Click bait title, its about a bug that has the value "ten years " as part of the issue, not a bug that took ten tears to solve like the title implies...
At least it's not "You wouldn't believe why we could not solve this bug!" :)
It's about issues that would have lasted for ten year, without the possibility to be fixed, if we hadn't discovered the root cause - the caching policy issue.
Anyway, 10 years is way too long for caching. A week is just fine, that's plenty long to not have many requests, but not so long you can never change anything.
Plus if your user hasn't been there in a week, why are you still in their cache?
I have a non-reproducible bug (at least I think it's just one and I've failed to reproduce it) in my software.
It causes the entire UI to disappear and the user ends up opening a new instance of the program. I only know it exists because about once every few months a user can't upgrade and when I remote in and look in the task manager, an instance of the program is running.
I have an idea how to track it down and fix it but there's always something more important to be done.
Imagine a patient dies during surgery because the surgeon didn't wash their hands. Would you give the surgeon a second chance or just fire the person and revoke his license for not following basic hygiene procedures?
Likewise, a programmer that doesn't provide deliverables that are maintainable is also disservicing the company, and society as a whole.
There's a difference between a legitimate error and negligence. In this case, the problem looks like negligence and was easily avoidable.
I believe this comment has value, but it could stand to be worded better. The last paragraph about firing in particular is probably the most out of line with HN's tone.
The code quality seemed low and to me it was negligence and a disservice to the employer that had to compromise their reliability for quite a long time and spend significant effort root causing the problem.
I hope I wasn't out of line by vouching the comment to reply to it. I see it is dead again, but I think maybe a lesson was learned? Anyway, thanks for keeping HN's discussions at such an exceptional level. There really is nowhere else like it that I'm aware of.
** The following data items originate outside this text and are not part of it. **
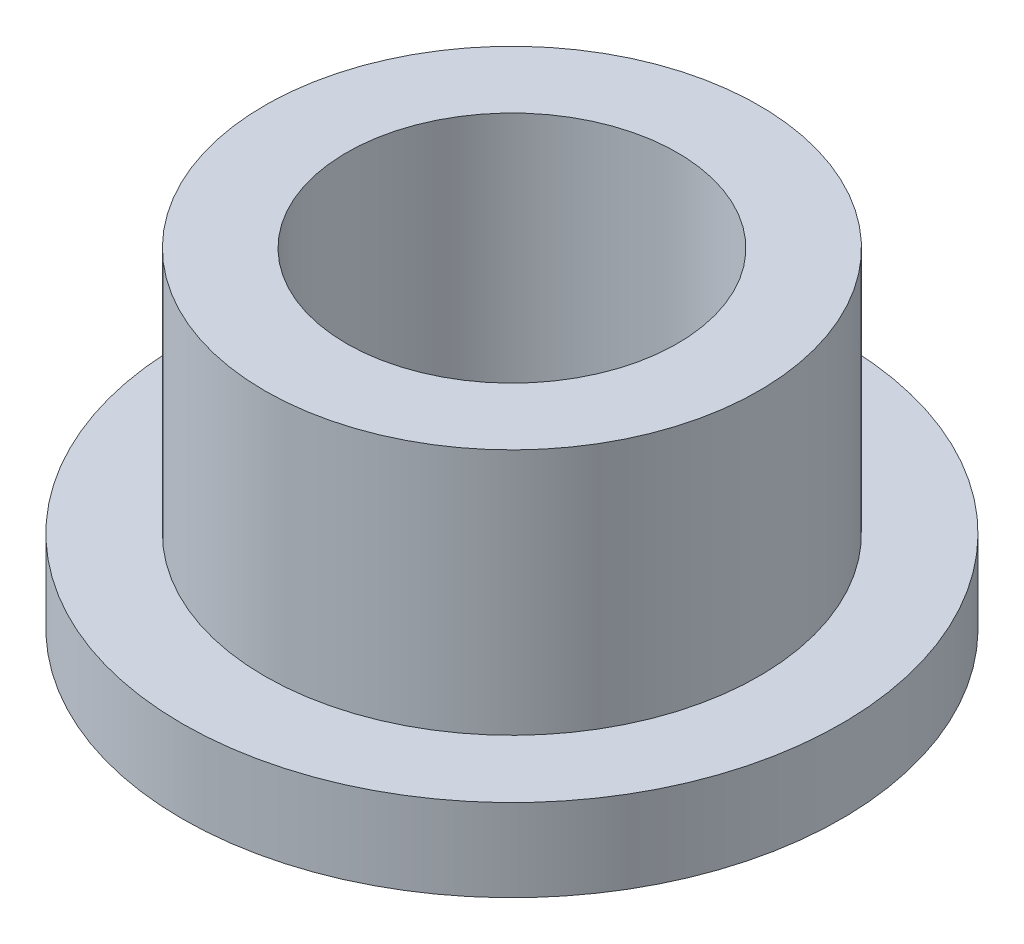
ISO-10303-21;
HEADER;
FILE_DESCRIPTION(('STEP AP214'),'2;1');
FILE_NAME('part.step','',(''),(''),'','','');
FILE_SCHEMA(('AUTOMOTIVE_DESIGN { 1 0 10303 214 1 1 1 1 }'));
ENDSEC;
DATA;
#1=APPLICATION_CONTEXT('core data for automotive mechanical design processes');
#2=APPLICATION_PROTOCOL_DEFINITION('international standard','automotive_design',2000,#1);
#3=PRODUCT_CONTEXT('',#1,'mechanical');
#4=PRODUCT('Part','Part','',(#3));
#5=PRODUCT_RELATED_PRODUCT_CATEGORY('part','',(#4));
#6=PRODUCT_DEFINITION_FORMATION('','',#4);
#7=PRODUCT_DEFINITION_CONTEXT('part definition',#1,'design');
#8=PRODUCT_DEFINITION('design','',#6,#7);
#9=PRODUCT_DEFINITION_SHAPE('','',#8);
#10=(LENGTH_UNIT() NAMED_UNIT(*) SI_UNIT(.MILLI.,.METRE.));
#11=(NAMED_UNIT(*) PLANE_ANGLE_UNIT() SI_UNIT($,.RADIAN.));
#12=(NAMED_UNIT(*) SI_UNIT($,.STERADIAN.) SOLID_ANGLE_UNIT());
#13=UNCERTAINTY_MEASURE_WITH_UNIT(LENGTH_MEASURE(1.E-05),#10,'distance_accuracy_value','');
#14=(GEOMETRIC_REPRESENTATION_CONTEXT(3) GLOBAL_UNCERTAINTY_ASSIGNED_CONTEXT((#13)) GLOBAL_UNIT_ASSIGNED_CONTEXT((#10,
#11,#12)) REPRESENTATION_CONTEXT('',''));
#15=CARTESIAN_POINT('',(0.,0.,0.));
#16=DIRECTION('',(0.,0.,1.));
#17=DIRECTION('',(1.,0.,0.));
#18=AXIS2_PLACEMENT_3D('',#15,#16,#17);
#19=CARTESIAN_POINT('',(0.,12.7,0.));
#20=DIRECTION('',(0.,1.,0.));
#21=DIRECTION('',(0.,0.,1.));
#22=AXIS2_PLACEMENT_3D('',#19,#20,#21);
#23=PLANE('',#22);
#24=CARTESIAN_POINT('',(0.,12.7,0.));
#25=DIRECTION('',(0.,1.,0.));
#26=DIRECTION('',(0.,0.,1.));
#27=AXIS2_PLACEMENT_3D('',#24,#25,#26);
#28=CIRCLE('',#27,9.525);
#29=CARTESIAN_POINT('',(0.,12.7,9.525));
#30=VERTEX_POINT('',#29);
#31=EDGE_CURVE('E10',#30,#30,#28,.T.);
#32=ORIENTED_EDGE('',*,*,#31,.T.);
#33=EDGE_LOOP('',(#32));
#34=FACE_BOUND('',#33,.T.);
#35=CARTESIAN_POINT('',(0.,12.7,0.));
#36=DIRECTION('',(0.,1.,0.));
#37=DIRECTION('',(0.,0.,1.));
#38=AXIS2_PLACEMENT_3D('',#35,#36,#37);
#39=CIRCLE('',#38,6.3754);
#40=CARTESIAN_POINT('',(0.,12.7,6.3754));
#41=VERTEX_POINT('',#40);
#42=EDGE_CURVE('E39',#41,#41,#39,.T.);
#43=ORIENTED_EDGE('',*,*,#42,.F.);
#44=EDGE_LOOP('',(#43));
#45=FACE_BOUND('',#44,.T.);
#46=ADVANCED_FACE('F32',(#34,#45),#23,.T.);
#47=CARTESIAN_POINT('',(0.,0.,0.));
#48=DIRECTION('',(0.,1.,0.));
#49=DIRECTION('',(0.,0.,1.));
#50=AXIS2_PLACEMENT_3D('',#47,#48,#49);
#51=PLANE('',#50);
#52=CARTESIAN_POINT('',(0.,0.,0.));
#53=DIRECTION('',(0.,1.,0.));
#54=DIRECTION('',(0.,0.,1.));
#55=AXIS2_PLACEMENT_3D('',#52,#53,#54);
#56=CIRCLE('',#55,6.3754);
#57=CARTESIAN_POINT('',(0.,0.,6.3754));
#58=VERTEX_POINT('',#57);
#59=EDGE_CURVE('E43',#58,#58,#56,.T.);
#60=ORIENTED_EDGE('',*,*,#59,.T.);
#61=EDGE_LOOP('',(#60));
#62=FACE_BOUND('',#61,.T.);
#63=CARTESIAN_POINT('',(0.,0.,0.));
#64=DIRECTION('',(0.,1.,0.));
#65=DIRECTION('',(0.,0.,1.));
#66=AXIS2_PLACEMENT_3D('',#63,#64,#65);
#67=CIRCLE('',#66,12.7);
#68=CARTESIAN_POINT('',(0.,0.,12.7));
#69=VERTEX_POINT('',#68);
#70=EDGE_CURVE('E50',#69,#69,#67,.T.);
#71=ORIENTED_EDGE('',*,*,#70,.F.);
#72=EDGE_LOOP('',(#71));
#73=FACE_BOUND('',#72,.T.);
#74=ADVANCED_FACE('F75',(#62,#73),#51,.F.);
#75=CARTESIAN_POINT('',(0.,12.7,0.));
#76=DIRECTION('',(0.,-1.,0.));
#77=DIRECTION('',(0.,0.,-1.));
#78=AXIS2_PLACEMENT_3D('',#75,#76,#77);
#79=CYLINDRICAL_SURFACE('',#78,9.525);
#80=CARTESIAN_POINT('',(0.,3.175,0.));
#81=DIRECTION('',(0.,1.,0.));
#82=DIRECTION('',(0.,0.,1.));
#83=AXIS2_PLACEMENT_3D('',#80,#81,#82);
#84=CIRCLE('',#83,9.525);
#85=CARTESIAN_POINT('',(0.,3.175,9.525));
#86=VERTEX_POINT('',#85);
#87=EDGE_CURVE('E53',#86,#86,#84,.T.);
#88=ORIENTED_EDGE('',*,*,#87,.T.);
#89=EDGE_LOOP('',(#88));
#90=FACE_BOUND('',#89,.T.);
#91=ORIENTED_EDGE('',*,*,#31,.F.);
#92=EDGE_LOOP('',(#91));
#93=FACE_BOUND('',#92,.T.);
#94=ADVANCED_FACE('F34',(#90,#93),#79,.T.);
#95=CARTESIAN_POINT('',(0.,12.7,0.));
#96=DIRECTION('',(0.,-1.,0.));
#97=DIRECTION('',(0.,0.,-1.));
#98=AXIS2_PLACEMENT_3D('',#95,#96,#97);
#99=CYLINDRICAL_SURFACE('',#98,6.3754);
#100=ORIENTED_EDGE('',*,*,#42,.T.);
#101=EDGE_LOOP('',(#100));
#102=FACE_BOUND('',#101,.T.);
#103=ORIENTED_EDGE('',*,*,#59,.F.);
#104=EDGE_LOOP('',(#103));
#105=FACE_BOUND('',#104,.T.);
#106=ADVANCED_FACE('F64',(#102,#105),#99,.F.);
#107=CARTESIAN_POINT('',(0.,3.175,0.));
#108=DIRECTION('',(0.,1.,0.));
#109=DIRECTION('',(0.,0.,1.));
#110=AXIS2_PLACEMENT_3D('',#107,#108,#109);
#111=PLANE('',#110);
#112=CARTESIAN_POINT('',(0.,3.175,0.));
#113=DIRECTION('',(0.,1.,0.));
#114=DIRECTION('',(0.,0.,1.));
#115=AXIS2_PLACEMENT_3D('',#112,#113,#114);
#116=CIRCLE('',#115,12.7);
#117=CARTESIAN_POINT('',(0.,3.175,12.7));
#118=VERTEX_POINT('',#117);
#119=EDGE_CURVE('E48',#118,#118,#116,.T.);
#120=ORIENTED_EDGE('',*,*,#119,.T.);
#121=EDGE_LOOP('',(#120));
#122=FACE_BOUND('',#121,.T.);
#123=ORIENTED_EDGE('',*,*,#87,.F.);
#124=EDGE_LOOP('',(#123));
#125=FACE_BOUND('',#124,.T.);
#126=ADVANCED_FACE('F61',(#122,#125),#111,.T.);
#127=CARTESIAN_POINT('',(0.,3.175,0.));
#128=DIRECTION('',(0.,-1.,0.));
#129=DIRECTION('',(0.,0.,-1.));
#130=AXIS2_PLACEMENT_3D('',#127,#128,#129);
#131=CYLINDRICAL_SURFACE('',#130,12.7);
#132=ORIENTED_EDGE('',*,*,#119,.F.);
#133=EDGE_LOOP('',(#132));
#134=FACE_BOUND('',#133,.T.);
#135=ORIENTED_EDGE('',*,*,#70,.T.);
#136=EDGE_LOOP('',(#135));
#137=FACE_BOUND('',#136,.T.);
#138=ADVANCED_FACE('F63',(#134,#137),#131,.T.);
#139=CLOSED_SHELL('',(#46,#74,#94,#106,#126,#138));
#140=MANIFOLD_SOLID_BREP('B2',#139);
#141=ADVANCED_BREP_SHAPE_REPRESENTATION('',(#18,#140),#14);
#142=SHAPE_DEFINITION_REPRESENTATION(#9,#141);
ENDSEC;
END-ISO-10303-21;

What exactly would differently written code ("5 seconds creating a variable") have helped here? Nothing in the article indicates that they even realized that it was a caching issue, and if they did the header would have been trivial to grep for.
Because variables have identifiers, and the identifier can allow the programmer to be more expressive and explicit about what the number means. Then, in the context of the code, you use the variable instead of just the value, making the code more readable.
I'm aware of the principle, but that does not answer how that would have helped them here or how this indicates anything about the quality of the entire code base. Nothing in the writeup suggests that they had difficulty understanding this particular piece of code or that they were searching for something specific but didn't find it due to bad naming.
Exposing this value as an external configuration parameter in a place that is more often looked at might have helped someone to realize caching might be an issue earlier, but it could easily have been ignored as well.
Explicitly saying "I want 10 years" is different than saying "a large number. Do the math to know more". This is how identifiers can help understanding the programmer intention.
Then, you can define the time length as an arithmetic operation. Such as 10 * (60 * 60 * 24) * 365.
These might be still considered magic numbers to certain extent, but it's simpler to recognize numbers such as 60, 24 and 365.